▶ [Required work]
Go through the entries, filter for the word "mechanical", and copy every line that has it.

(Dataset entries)
::::::::::

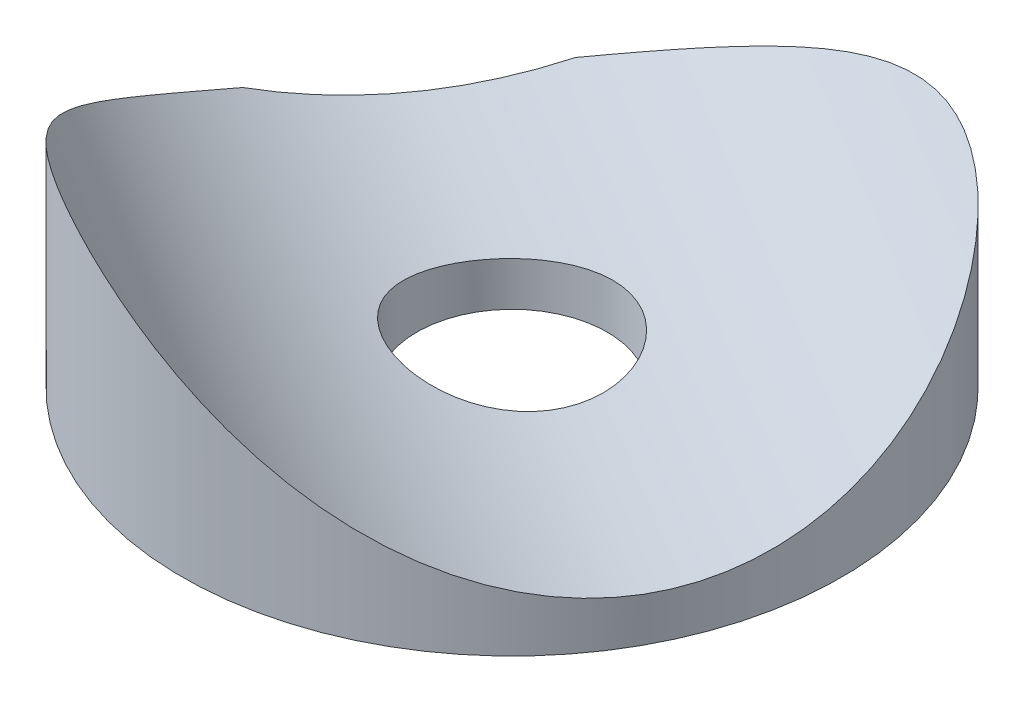
ISO-10303-21;
HEADER;
FILE_DESCRIPTION(('STEP AP214'),'2;1');
FILE_NAME('part.step','',(''),(''),'','','');
FILE_SCHEMA(('AUTOMOTIVE_DESIGN { 1 0 10303 214 1 1 1 1 }'));
ENDSEC;
DATA;
#1=APPLICATION_CONTEXT('core data for automotive mechanical design processes');
#2=APPLICATION_PROTOCOL_DEFINITION('international standard','automotive_design',2000,#1);
#3=PRODUCT_CONTEXT('',#1,'mechanical');
#4=PRODUCT('Part','Part','',(#3));
#5=PRODUCT_RELATED_PRODUCT_CATEGORY('part','',(#4));
#6=PRODUCT_DEFINITION_FORMATION('','',#4);
#7=PRODUCT_DEFINITION_CONTEXT('part definition',#1,'design');
#8=PRODUCT_DEFINITION('design','',#6,#7);
#9=PRODUCT_DEFINITION_SHAPE('','',#8);
#10=(LENGTH_UNIT() NAMED_UNIT(*) SI_UNIT(.MILLI.,.METRE.));
#11=(NAMED_UNIT(*) PLANE_ANGLE_UNIT() SI_UNIT($,.RADIAN.));
#12=(NAMED_UNIT(*) SI_UNIT($,.STERADIAN.) SOLID_ANGLE_UNIT());
#13=UNCERTAINTY_MEASURE_WITH_UNIT(LENGTH_MEASURE(1.E-05),#10,'distance_accuracy_value','');
#14=(GEOMETRIC_REPRESENTATION_CONTEXT(3) GLOBAL_UNCERTAINTY_ASSIGNED_CONTEXT((#13)) GLOBAL_UNIT_ASSIGNED_CONTEXT((#10,
#11,#12)) REPRESENTATION_CONTEXT('',''));
#15=CARTESIAN_POINT('',(0.,0.,0.));
#16=DIRECTION('',(0.,0.,1.));
#17=DIRECTION('',(1.,0.,0.));
#18=AXIS2_PLACEMENT_3D('',#15,#16,#17);
#19=CARTESIAN_POINT('',(0.,1.,0.));
#20=DIRECTION('',(0.,-1.,0.));
#21=DIRECTION('',(0.,0.,-1.));
#22=AXIS2_PLACEMENT_3D('',#19,#20,#21);
#23=CYLINDRICAL_SURFACE('',#22,9.525);
#24=CARTESIAN_POINT('',(0.,0.,0.));
#25=DIRECTION('',(0.,1.,0.));
#26=DIRECTION('',(0.,0.,1.));
#27=AXIS2_PLACEMENT_3D('',#24,#25,#26);
#28=CIRCLE('',#27,9.525);
#29=CARTESIAN_POINT('',(-9.38893175942103,0.,-1.6042398252553));
#30=VERTEX_POINT('',#29);
#31=CARTESIAN_POINT('',(-5.7570076227299,0.,-7.58831260767701));
#32=VERTEX_POINT('',#31);
#33=EDGE_CURVE('E48',#30,#32,#28,.T.);
#34=ORIENTED_EDGE('',*,*,#33,.T.);
#35=DIRECTION('',(0.,1.,0.));
#36=VECTOR('',#35,1.);
#37=CARTESIAN_POINT('',(-5.7570076227299,0.,-7.58831260767701));
#38=LINE('',#37,#36);
#39=CARTESIAN_POINT('',(-5.75700762272995,1.57357757625915,-7.58831260767704));
#40=VERTEX_POINT('',#39);
#41=EDGE_CURVE('E65',#32,#40,#38,.T.);
#42=ORIENTED_EDGE('',*,*,#41,.T.);
#43=CARTESIAN_POINT('',(0.,3.6506814174177,-9.525));
#44=CARTESIAN_POINT('',(0.22237909048093,3.733452678494,-9.52500034706546));
#45=CARTESIAN_POINT('',(0.445378660546458,3.81461579377186,-9.5172159876102));
#46=CARTESIAN_POINT('',(0.892178109928734,3.97181857019409,-9.48576909084998));
#47=CARTESIAN_POINT('',(1.11597827185463,4.04785618425951,-9.46210025029206));
#48=CARTESIAN_POINT('',(1.56398647428124,4.19276272755659,-9.39844823182042));
#49=CARTESIAN_POINT('',(1.78819463015935,4.26162093698106,-9.35844108445317));
#50=CARTESIAN_POINT('',(2.2356623762194,4.38970656675308,-9.26173815261623));
#51=CARTESIAN_POINT('',(2.45892242675594,4.44893935148342,-9.20505171360457));
#52=CARTESIAN_POINT('',(2.90603365144995,4.55609576120154,-9.07389118642197));
#53=CARTESIAN_POINT('',(3.12985989098693,4.60387547115162,-8.99921222798601));
#54=CARTESIAN_POINT('',(3.57364407860214,4.68488536422006,-8.8323758822077));
#55=CARTESIAN_POINT('',(3.79360215508769,4.71811603118604,-8.74021907626035));
#56=CARTESIAN_POINT('',(4.2270093763011,4.76812593471324,-8.53902543880597));
#57=CARTESIAN_POINT('',(4.44047224128782,4.78494257685117,-8.43002764612762));
#58=CARTESIAN_POINT('',(4.8590394857365,4.8012297593004,-8.19590335479795));
#59=CARTESIAN_POINT('',(5.06414518641639,4.80070305222886,-8.07077941871725));
#60=CARTESIAN_POINT('',(5.4333607061631,4.78375549217292,-7.82595558546464));
#61=CARTESIAN_POINT('',(5.59896346666445,4.76976247064538,-7.70832159450795));
#62=CARTESIAN_POINT('',(5.92147144927301,4.72996177680787,-7.46343108435357));
#63=CARTESIAN_POINT('',(6.07837402256478,4.70415052828175,-7.33617166222143));
#64=CARTESIAN_POINT('',(6.38271610075956,4.64172229189515,-7.07298282388013));
#65=CARTESIAN_POINT('',(6.53014555361239,4.60509404922601,-6.93704449353435));
#66=CARTESIAN_POINT('',(6.81488219768711,4.52235744531086,-6.65754024993715));
#67=CARTESIAN_POINT('',(6.95218337122211,4.47624350883152,-6.51396988791492));
#68=CARTESIAN_POINT('',(7.25811511525602,4.36012987577854,-6.17357628743771));
#69=CARTESIAN_POINT('',(7.42289578436665,4.28719080892501,-5.97428832987823));
#70=CARTESIAN_POINT('',(7.73401212509885,4.13079433482259,-5.56567019095694));
#71=CARTESIAN_POINT('',(7.88034064314727,4.04733287314991,-5.35633615806365));
#72=CARTESIAN_POINT('',(8.15470981056013,3.87295689197122,-4.9285876165221));
#73=CARTESIAN_POINT('',(8.28272692697576,3.78203301401353,-4.71016188062345));
#74=CARTESIAN_POINT('',(8.52030625242976,3.59569475789344,-4.26539247396375));
#75=CARTESIAN_POINT('',(8.6298699560098,3.50028074418864,-4.03904944621897));
#76=CARTESIAN_POINT('',(8.83284627685265,3.30530463670498,-3.57383929429456));
#77=CARTESIAN_POINT('',(8.92582974360464,3.20569760788886,-3.33480387967768));
#78=CARTESIAN_POINT('',(9.09229502749264,3.00695749961978,-2.84982866665909));
#79=CARTESIAN_POINT('',(9.16577592138118,2.9078244428226,-2.60388854199917));
#80=CARTESIAN_POINT('',(9.29280555673236,2.71244077825675,-2.10602333245941));
#81=CARTESIAN_POINT('',(9.34637031520592,2.61618791171262,-1.8541032310461));
#82=CARTESIAN_POINT('',(9.43310199315825,2.42870734073609,-1.34494660046395));
#83=CARTESIAN_POINT('',(9.46627168692592,2.33747895437414,-1.08771079929883));
#84=CARTESIAN_POINT('',(9.50955206491735,2.16995418710134,-0.591915382603216));
#85=CARTESIAN_POINT('',(9.52144302627834,2.0930508012756,-0.353716641702909));
#86=CARTESIAN_POINT('',(9.52718529060547,1.94684829681261,0.125113773500827));
#87=CARTESIAN_POINT('',(9.52104599018335,1.87754523673548,0.365744115413936));
#88=CARTESIAN_POINT('',(9.49023009219835,1.74807562735335,0.84829118917853));
#89=CARTESIAN_POINT('',(9.4655541630631,1.68790874869326,1.09020787433238));
#90=CARTESIAN_POINT('',(9.39725359476562,1.57821699516667,1.57380854666545));
#91=CARTESIAN_POINT('',(9.35362900245173,1.52869209398956,1.81549253441851));
#92=CARTESIAN_POINT('',(9.2468116506475,1.44134470549369,2.29864295079791));
#93=CARTESIAN_POINT('',(9.18347392745661,1.40361320401421,2.54009401935461));
#94=CARTESIAN_POINT('',(9.03741073939083,1.34158179009402,3.01885030104931));
#95=CARTESIAN_POINT('',(8.95468511569913,1.31728198768513,3.25615548020898));
#96=CARTESIAN_POINT('',(8.77034965671094,1.28305270781928,3.72422003591037));
#97=CARTESIAN_POINT('',(8.66875202768035,1.27311397800467,3.95498353298807));
#98=CARTESIAN_POINT('',(8.44749114693444,1.26813613835543,4.40783414961075));
#99=CARTESIAN_POINT('',(8.32783011991501,1.27309519512261,4.62992233337697));
#100=CARTESIAN_POINT('',(8.08789173108999,1.29645824482825,5.03587196191596));
#101=CARTESIAN_POINT('',(7.96960287315102,1.31308414836339,5.22101768057337));
#102=CARTESIAN_POINT('',(7.72123078388721,1.35761606789838,5.58177080894418));
#103=CARTESIAN_POINT('',(7.59114874785823,1.38552094170908,5.7573791824353));
#104=CARTESIAN_POINT('',(7.32034519395255,1.45220339144303,6.09799295159335));
#105=CARTESIAN_POINT('',(7.17962354409064,1.4909811022608,6.26299821568092));
#106=CARTESIAN_POINT('',(6.88876339677229,1.5788067465418,6.58157218907568));
#107=CARTESIAN_POINT('',(6.73862447338407,1.62785514477063,6.73514038040992));
#108=CARTESIAN_POINT('',(6.42970367468719,1.73562913110676,7.03067358853535));
#109=CARTESIAN_POINT('',(6.27089719828316,1.79438333781747,7.17260237568541));
#110=CARTESIAN_POINT('',(5.94618463755025,1.92062333472038,7.44401185020723));
#111=CARTESIAN_POINT('',(5.78027582377378,1.98811250231212,7.57348768867714));
#112=CARTESIAN_POINT('',(5.44251585252767,2.13087691541917,7.81973962082222));
#113=CARTESIAN_POINT('',(5.27066481873349,2.206151998951,7.93651597860235));
#114=CARTESIAN_POINT('',(4.92197812629002,2.3635397586242,8.15735023810444));
#115=CARTESIAN_POINT('',(4.74514151071915,2.44565375340315,8.26140567746623));
#116=CARTESIAN_POINT('',(4.31381915110247,2.65071186421033,8.49701730634487));
#117=CARTESIAN_POINT('',(4.05727813244352,2.77657146242391,8.62231021389749));
#118=CARTESIAN_POINT('',(3.53791345362358,3.03730293284649,8.84810949511277));
#119=CARTESIAN_POINT('',(3.27508761733146,3.17217795655747,8.94860714295283));
#120=CARTESIAN_POINT('',(2.74396155309675,3.44858295781127,9.1255054949139));
#121=CARTESIAN_POINT('',(2.47564897446842,3.59012917296496,9.20184350199571));
#122=CARTESIAN_POINT('',(1.93525003180599,3.87676105424118,9.33046531137728));
#123=CARTESIAN_POINT('',(1.66316412956847,4.02184628886322,9.38275203088317));
#124=CARTESIAN_POINT('',(1.11176365251241,4.31474926070324,9.46405917404022));
#125=CARTESIAN_POINT('',(0.832401614462931,4.46257580785578,9.49272618123314));
#126=CARTESIAN_POINT('',(0.270620806169236,4.75535713873259,9.5253137168947));
#127=CARTESIAN_POINT('',(-0.011798853198519,4.90031105044458,9.52922684243904));
#128=CARTESIAN_POINT('',(-0.578823309456278,5.18269507404288,9.51161520991849));
#129=CARTESIAN_POINT('',(-0.863421125866201,5.32014261845171,9.49015226378016));
#130=CARTESIAN_POINT('',(-1.43497221225356,5.58237916760316,9.42068822496332));
#131=CARTESIAN_POINT('',(-1.72192343677743,5.70717811797209,9.37270817737066));
#132=CARTESIAN_POINT('',(-2.33982186606084,5.95413079638297,9.23929042182607));
#133=CARTESIAN_POINT('',(-2.67110514088122,6.07326698198325,9.149424026913));
#134=CARTESIAN_POINT('',(-3.16652150547122,6.22295675517261,8.98493345593029));
#135=CARTESIAN_POINT('',(-3.33131545477155,6.26800018760398,8.92519722094702));
#136=CARTESIAN_POINT('',(-3.65961344271974,6.3467944312253,8.7956778474335));
#137=CARTESIAN_POINT('',(-3.82311810864075,6.38055111325733,8.72589995920701));
#138=CARTESIAN_POINT('',(-4.14960287525218,6.4356233390429,8.57549375030731));
#139=CARTESIAN_POINT('',(-4.31255472816974,6.45678952892885,8.49474860895594));
#140=CARTESIAN_POINT('',(-4.63450087969504,6.48497913175298,8.32347650404684));
#141=CARTESIAN_POINT('',(-4.79349547894325,6.49200362232337,8.2329502863851));
#142=CARTESIAN_POINT('',(-5.10599248219772,6.49152681859125,8.04287958822367));
#143=CARTESIAN_POINT('',(-5.25949451812687,6.48402455264656,7.94333450490919));
#144=CARTESIAN_POINT('',(-5.55960807489611,6.4549041358305,7.73625474625245));
#145=CARTESIAN_POINT('',(-5.70621886425581,6.43328449006229,7.62871922586736));
#146=CARTESIAN_POINT('',(-6.00175711490564,6.37500136712914,7.39878778002419));
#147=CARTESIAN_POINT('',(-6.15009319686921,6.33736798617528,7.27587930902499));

::::::::::

▶ [Response to the exercise]
#1=APPLICATION_CONTEXT('core data for automotive mechanical design processes');
#3=PRODUCT_CONTEXT('',#1,'mechanical');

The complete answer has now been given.